Het wetsontwerp strekkende tot beperking van de wettelijke gemeenschap van goederen schiet ernstig tekort (WPNR 2015/7069)
29-06-2015 | Categorie: Literatuur
Prof. dr. S. Perrick
Bij de Tweede Kamer is in behandeling een initiatief wetsontwerp tot wijziging van Boek 1 BW en de Faillissementswet teneinde de omvang van de wettelijke gemeenschap van goederen te beperken. Het wetsontwerp voorziet niet in een inhoudelijke aanpassing van het huidige art. 1:96 lid 1 BW, op grond waarvan voor een schuld van een echtgenoot, ongeacht of deze in de gemeenschap is gevallen, zowel de goederen van de gemeenschap als zijn eigen goederen kunnen worden uitgewonnen. Wél bepaalt het voorgestelde nieuwe art. 1:96 lid 3 BW dat het verhaal voor een niet tot de gemeenschap behorende schuld is beperkt tot de helft van de opbrengst van het uitgewonnen goed. De gevolgen van deze bepaling zijn volgens de auteur onvoldoende doordacht. Aan de hand van een aantal voorbeelden toont hij dat in dit artikel aan. Ook maakt hij dat duidelijk vanuit art. 1:94 lid 5 aanhef en onder b BW, zoals deze bepaling met ingang van 1 januari 2012 luidt.

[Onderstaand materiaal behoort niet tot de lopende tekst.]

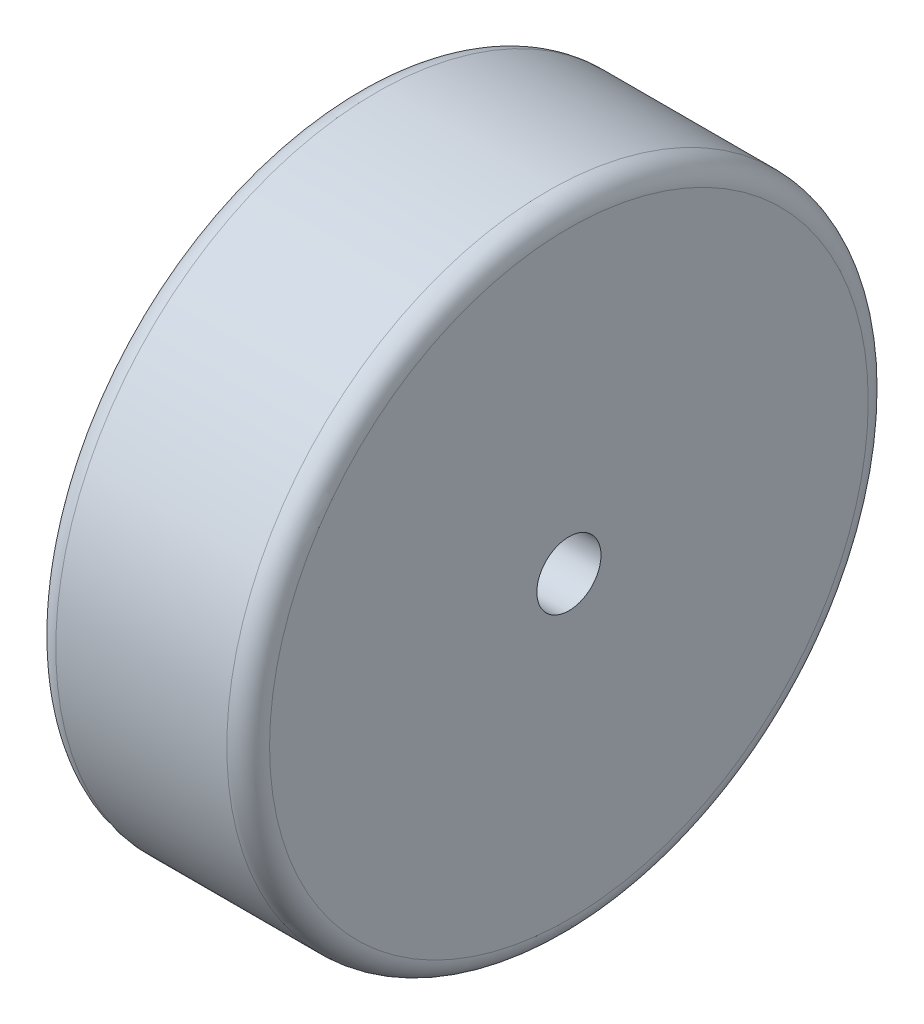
from build123d import *


with BuildPart() as part:
    # Skizze1 → Rotation1 (revolve)
    with BuildSketch(Plane.XY, mode=Mode.PRIVATE) as rotation1_sk:
        with BuildLine():
            Line((-40, 300), (40, 300))
            ThreePointArc((40, 300), (47.071067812, 297.071067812), (50, 290))
            Line((50, 290), (50, 165))
            Line((50, 165), (-50, 165))
            Line((-50, 165), (-50, 290))
            ThreePointArc((-50, 290), (-47.071067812, 297.071067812), (-40, 300))
        make_face()
    revolve(rotation1_sk.sketch.rotate(Axis((0, 150, 0), (-1, 0, 0)), 90), axis=Axis((0, 150, 0), (-1, 0, 0)))


solid = part.part

Deze bepaling is volgens de auteur onjuist en dit zal tot extra problemen leiden in combinatie met het voorgestelde art. 1:96 lid 3 BW. Ook nadat art. 1:94 lid 5 aanhef en onder b BW eventueel is aangepast, blijven er volgens de auteur fundamentele bezwaren tegen het voorgestelde art. 1:96 lid 3 BW bestaan.